Танки генералов Клейста, Гота, Гудериана рвали боевые порядки французских дивизий. Самолеты истребительной и бомбардировочной авиации Геринга безнаказанно носились над дорогами, городами и деревнями Франции, а тихоходные французские истребители «потез» и «моран» ничего не могли сделать с маневренными, быстрыми «мессершмиттами». Так же как крупный шарик ртути от резкого щелчка распадается на множество устремляющихся в разные стороны мелких шариков, распались и стали рассеиваться деморализованные, утерявшие связь с командованием французские войска. Помеченные черными крестами немецкие танки уже приблизились почти к самому побережью Северного моря, сбивая отступавшие к своим кораблям дивизии англичан. Уже войска гитлеровского генерала фон Лееба обошли и оставили за спиной хваленую линию Мажино.
По дорогам, смешиваясь с разбитыми полками и батальонами, двинулись многотысячные толпы беженцев. Обезумевшие от страха люди, не понимая, что случилось с их прекрасной страной, нескончаемым потоком шли и ехали неизвестно куда, мешали войскам, сбивались в огромные массы у пустых бензоколонок, и мчавшиеся на бреющем полете немецкие истребители расстреливали женщин, детей, стариков.
И тогда началась охватившая миллионы людей великая паника…
В солнечный майский день Альбер Дельвилль вернулся домой раньше обычного и прямо с порога взволнованно закричал:
– Собирай, Катрин, все, что нам понадобится в дороге! Боши приближаются к Парижу. На улицах творится черт знает что. Люди кинулись кто куда. Мне кажется, что к утру в Париже останутся только покинутые хозяевами собаки. Надо и нам уезжать, причем сегодня же. У меня нет никакого желания видеть самодовольные физиономии гитлеровской солдатни.
Дельвилль выкрикнул все это на одном дыхании, швырнул на пол шляпу и, отдуваясь, упал в кресло.
– Куда же мы поедем, Альбер? – растерянно спросила жена.

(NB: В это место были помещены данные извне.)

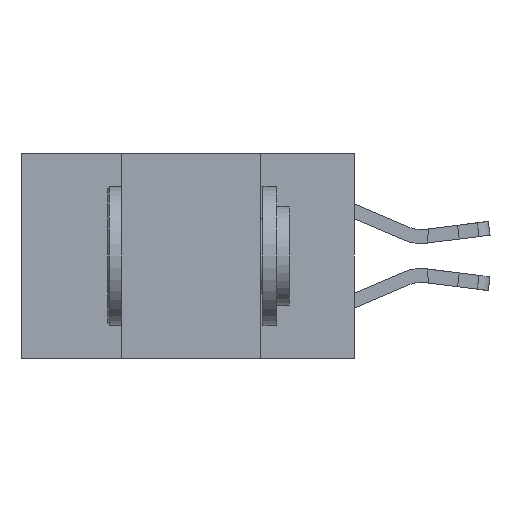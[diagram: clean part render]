
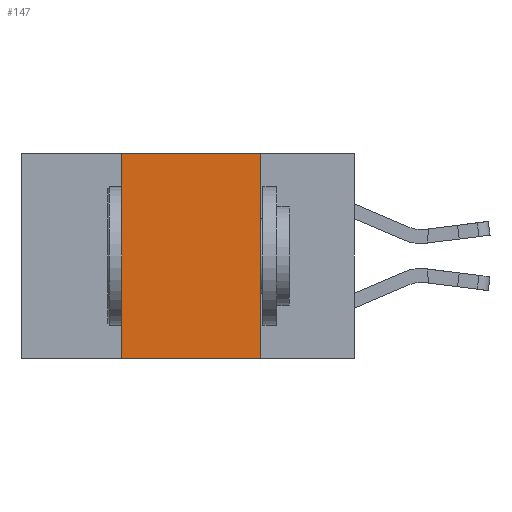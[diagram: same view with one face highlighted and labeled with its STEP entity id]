
A CAD part, left-side view. The second image highlights one B-rep face of the part: STEP entity #147.
In plain terms, the highlighted planar face has unit normal (-1, 0, 0).
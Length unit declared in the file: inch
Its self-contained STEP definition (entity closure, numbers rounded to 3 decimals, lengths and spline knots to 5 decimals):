
#60 = VERTEX_POINT ( 'NONE', #4982 ) ;
#147 = ADVANCED_FACE ( 'NONE', ( #4242 ), #1361, .F. ) ;
#469 = ORIENTED_EDGE ( 'NONE', *, *, #6585, .F. ) ;
#487 = CARTESIAN_POINT ( 'NONE',  ( 0., 0.42, 0. ) ) ;
#1361 = PLANE ( 'NONE',  #5798 ) ;
#1371 = DIRECTION ( 'NONE',  ( 0., -1., 0. ) ) ;
#1471 = EDGE_LOOP ( 'NONE', ( #7446, #8016, #469, #2528 ) ) ;
#1623 = CARTESIAN_POINT ( 'NONE',  ( 0., 0.42, -0.37 ) ) ;
#1846 = CARTESIAN_POINT ( 'NONE',  ( 0., 0.17, 0. ) ) ;
#2424 = CARTESIAN_POINT ( 'NONE',  ( 0., 0.6, 0. ) ) ;
#2528 = ORIENTED_EDGE ( 'NONE', *, *, #5929, .T. ) ;
#2539 = EDGE_CURVE ( 'NONE', #5808, #3772, #5317, .T. ) ;
#3373 = LINE ( 'NONE', #1623, #9295 ) ;
#3772 = VERTEX_POINT ( 'NONE', #3812 ) ;
#3812 = CARTESIAN_POINT ( 'NONE',  ( 0., 0.17, -0.37 ) ) ;
#4205 = CARTESIAN_POINT ( 'NONE',  ( 0., 0.6, -0.37 ) ) ;
#4242 = FACE_OUTER_BOUND ( 'NONE', #1471, .T. ) ;
#4982 = CARTESIAN_POINT ( 'NONE',  ( 0., 0.42, -0.37 ) ) ;
#5317 = LINE ( 'NONE', #6451, #11191 ) ;
#5798 = AXIS2_PLACEMENT_3D ( 'NONE', #2424, #8009, #8066 ) ;
#5808 = VERTEX_POINT ( 'NONE', #1846 ) ;
#5929 = EDGE_CURVE ( 'NONE', #60, #3772, #10793, .T. ) ;
#6384 = DIRECTION ( 'NONE',  ( 0., 0., -1. ) ) ;
#6451 = CARTESIAN_POINT ( 'NONE',  ( 0., 0.17, -0.37 ) ) ;
#6549 = EDGE_CURVE ( 'NONE', #6994, #5808, #8018, .T. ) ;
#6585 = EDGE_CURVE ( 'NONE', #60, #6994, #3373, .T. ) ;
#6994 = VERTEX_POINT ( 'NONE', #487 ) ;
#7146 = DIRECTION ( 'NONE',  ( 0., 0., 1. ) ) ;
#7446 = ORIENTED_EDGE ( 'NONE', *, *, #2539, .F. ) ;
#8009 = DIRECTION ( 'NONE',  ( 1., 0., 0. ) ) ;
#8016 = ORIENTED_EDGE ( 'NONE', *, *, #6549, .F. ) ;
#8018 = LINE ( 'NONE', #11821, #11833 ) ;
#8066 = DIRECTION ( 'NONE',  ( 0., 0., -1. ) ) ;
#9295 = VECTOR ( 'NONE', #7146, 39.37008 ) ;
#10793 = LINE ( 'NONE', #4205, #11428 ) ;
#11191 = VECTOR ( 'NONE', #6384, 39.37008 ) ;
#11428 = VECTOR ( 'NONE', #11717, 39.37008 ) ;
#11717 = DIRECTION ( 'NONE',  ( 0., -1., 0. ) ) ;
#11821 = CARTESIAN_POINT ( 'NONE',  ( 0., 0.6, 0. ) ) ;
#11833 = VECTOR ( 'NONE', #1371, 39.37008 ) ;
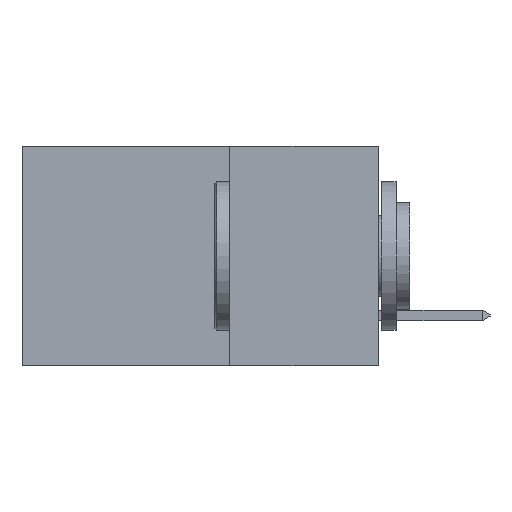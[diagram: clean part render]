
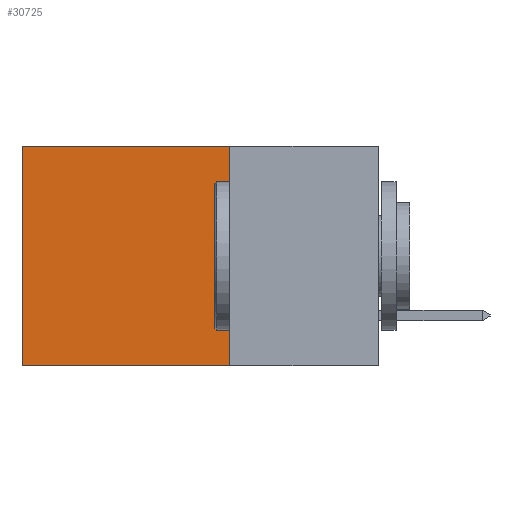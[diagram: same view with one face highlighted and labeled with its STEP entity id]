
A CAD part, left-side view. The second image highlights one B-rep face of the part: STEP entity #30725.
In plain terms, the highlighted planar face has unit normal (-1, 0, 0).
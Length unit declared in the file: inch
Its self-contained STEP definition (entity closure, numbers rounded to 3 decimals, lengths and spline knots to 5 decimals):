
#35 = EDGE_CURVE ( 'NONE', #2536, #21790, #8154, .T. ) ;
#132 = CARTESIAN_POINT ( 'NONE',  ( 0.298, 0.6, -0.37 ) ) ;
#2536 = VERTEX_POINT ( 'NONE', #31807 ) ;
#4876 = EDGE_CURVE ( 'NONE', #21790, #19593, #31231, .T. ) ;
#5612 = CARTESIAN_POINT ( 'NONE',  ( 0.298, 0.6, 0. ) ) ;
#8154 = LINE ( 'NONE', #16910, #21416 ) ;
#9236 = ORIENTED_EDGE ( 'NONE', *, *, #35, .T. ) ;
#9778 = ORIENTED_EDGE ( 'NONE', *, *, #26301, .F. ) ;
#10004 = FACE_OUTER_BOUND ( 'NONE', #28835, .T. ) ;
#10702 = LINE ( 'NONE', #27357, #23189 ) ;
#11538 = AXIS2_PLACEMENT_3D ( 'NONE', #30901, #25960, #26072 ) ;
#12008 = DIRECTION ( 'NONE',  ( 0., 0., -1. ) ) ;
#12399 = DIRECTION ( 'NONE',  ( 0., 1., 0. ) ) ;
#13941 = VECTOR ( 'NONE', #25584, 39.37008 ) ;
#15823 = ORIENTED_EDGE ( 'NONE', *, *, #22473, .F. ) ;
#16910 = CARTESIAN_POINT ( 'NONE',  ( 0.298, 0.25, 0. ) ) ;
#17279 = VECTOR ( 'NONE', #12008, 39.37008 ) ;
#19567 = CARTESIAN_POINT ( 'NONE',  ( 0.298, 0.25, -0.37 ) ) ;
#19593 = VERTEX_POINT ( 'NONE', #132 ) ;
#20244 = DIRECTION ( 'NONE',  ( 0., 1., 0. ) ) ;
#20606 = ORIENTED_EDGE ( 'NONE', *, *, #4876, .T. ) ;
#21059 = PLANE ( 'NONE',  #11538 ) ;
#21416 = VECTOR ( 'NONE', #20244, 39.37008 ) ;
#21790 = VERTEX_POINT ( 'NONE', #5612 ) ;
#22473 = EDGE_CURVE ( 'NONE', #2536, #29478, #27226, .T. ) ;
#22898 = CARTESIAN_POINT ( 'NONE',  ( 0.298, 0.6, 0. ) ) ;
#23042 = CARTESIAN_POINT ( 'NONE',  ( 0.298, 0.25, 0. ) ) ;
#23189 = VECTOR ( 'NONE', #12399, 39.37008 ) ;
#25584 = DIRECTION ( 'NONE',  ( 0., 0., -1. ) ) ;
#25960 = DIRECTION ( 'NONE',  ( 1., 0., 0. ) ) ;
#26072 = DIRECTION ( 'NONE',  ( 0., 0., -1. ) ) ;
#26301 = EDGE_CURVE ( 'NONE', #29478, #19593, #10702, .T. ) ;
#27226 = LINE ( 'NONE', #23042, #13941 ) ;
#27357 = CARTESIAN_POINT ( 'NONE',  ( 0.298, 0.25, -0.37 ) ) ;
#28835 = EDGE_LOOP ( 'NONE', ( #20606, #9778, #15823, #9236 ) ) ;
#29478 = VERTEX_POINT ( 'NONE', #19567 ) ;
#30725 = ADVANCED_FACE ( 'NONE', ( #10004 ), #21059, .F. ) ;
#30901 = CARTESIAN_POINT ( 'NONE',  ( 0.298, 0.25, 0. ) ) ;
#31231 = LINE ( 'NONE', #22898, #17279 ) ;
#31807 = CARTESIAN_POINT ( 'NONE',  ( 0.298, 0.25, 0. ) ) ;

Русская по происхождению, она была младшей сестрой князя Петра Бармина, неожиданно для всех уехавшего из Испании в Советский Союз. Перед его отъездом Катрин Дельвилль получила от брата короткое письмо, в котором тот писал, что наконец исполняется давнее его желание, что вместе с Максимом Селищевым он уезжает на Родину, а о своей судьбе там, в России, напишет им в Париж. Еще одно письмо пришло из Советского Союза. Брат писал, что он и его друг Селищев после легкого ранения на южных склонах Пиренеев были отправлены в Советский Союз, что сейчас они лежат в госпитале и что врачи и все русские товарищи относятся к ним очень хорошо. Однако после этого последнего письма прошло уже восемь месяцев, от брата не было ни строчки, и его странное молчание беспокоило Катрин.
– А как же быть с Пьером? – спросила она, ради мужа именуя брата на французский манер, хотя всю жизнь называла его Петей или Петенькой.
– При чем тут Пьер? – не понял Дельвилль. – До Пьера ли нам сейчас, когда надвигается такое несчастье?
Катрин укоризненно всплеснула руками:
– Как же так? Ведь Пьер должен написать на наш парижский адрес! Его молчание давно тревожит меня, ты это знаешь. Придет письмо, а нас не будет!
– Через день-два в Париже будут немцы! – раздраженно закричал Дельвилль. – Понимаешь ты это или нет? Сейчас же готовь дочку и все, что нам будет нужно.
Катрин заплакала.
– Но я хочу знать, что случилось с братом, почему он молчит.
Дельвилль вскочил, поцеловал жену.
– Успокойся, милая, – ласково сказал он, – мы поедем к твоему отчиму. Ведь Пьер знает его адрес, он напишет о себе матери и ему. А мы отсидимся там на виноградниках, поживем у твоих, пока бошей вышвырнут из Франции. Оставаться в Париже нам нельзя, это очень опасно. Пожалуйста, возьми себя в руки, приготовь все, что надо, а я побегу за автомобилем и вернусь через час…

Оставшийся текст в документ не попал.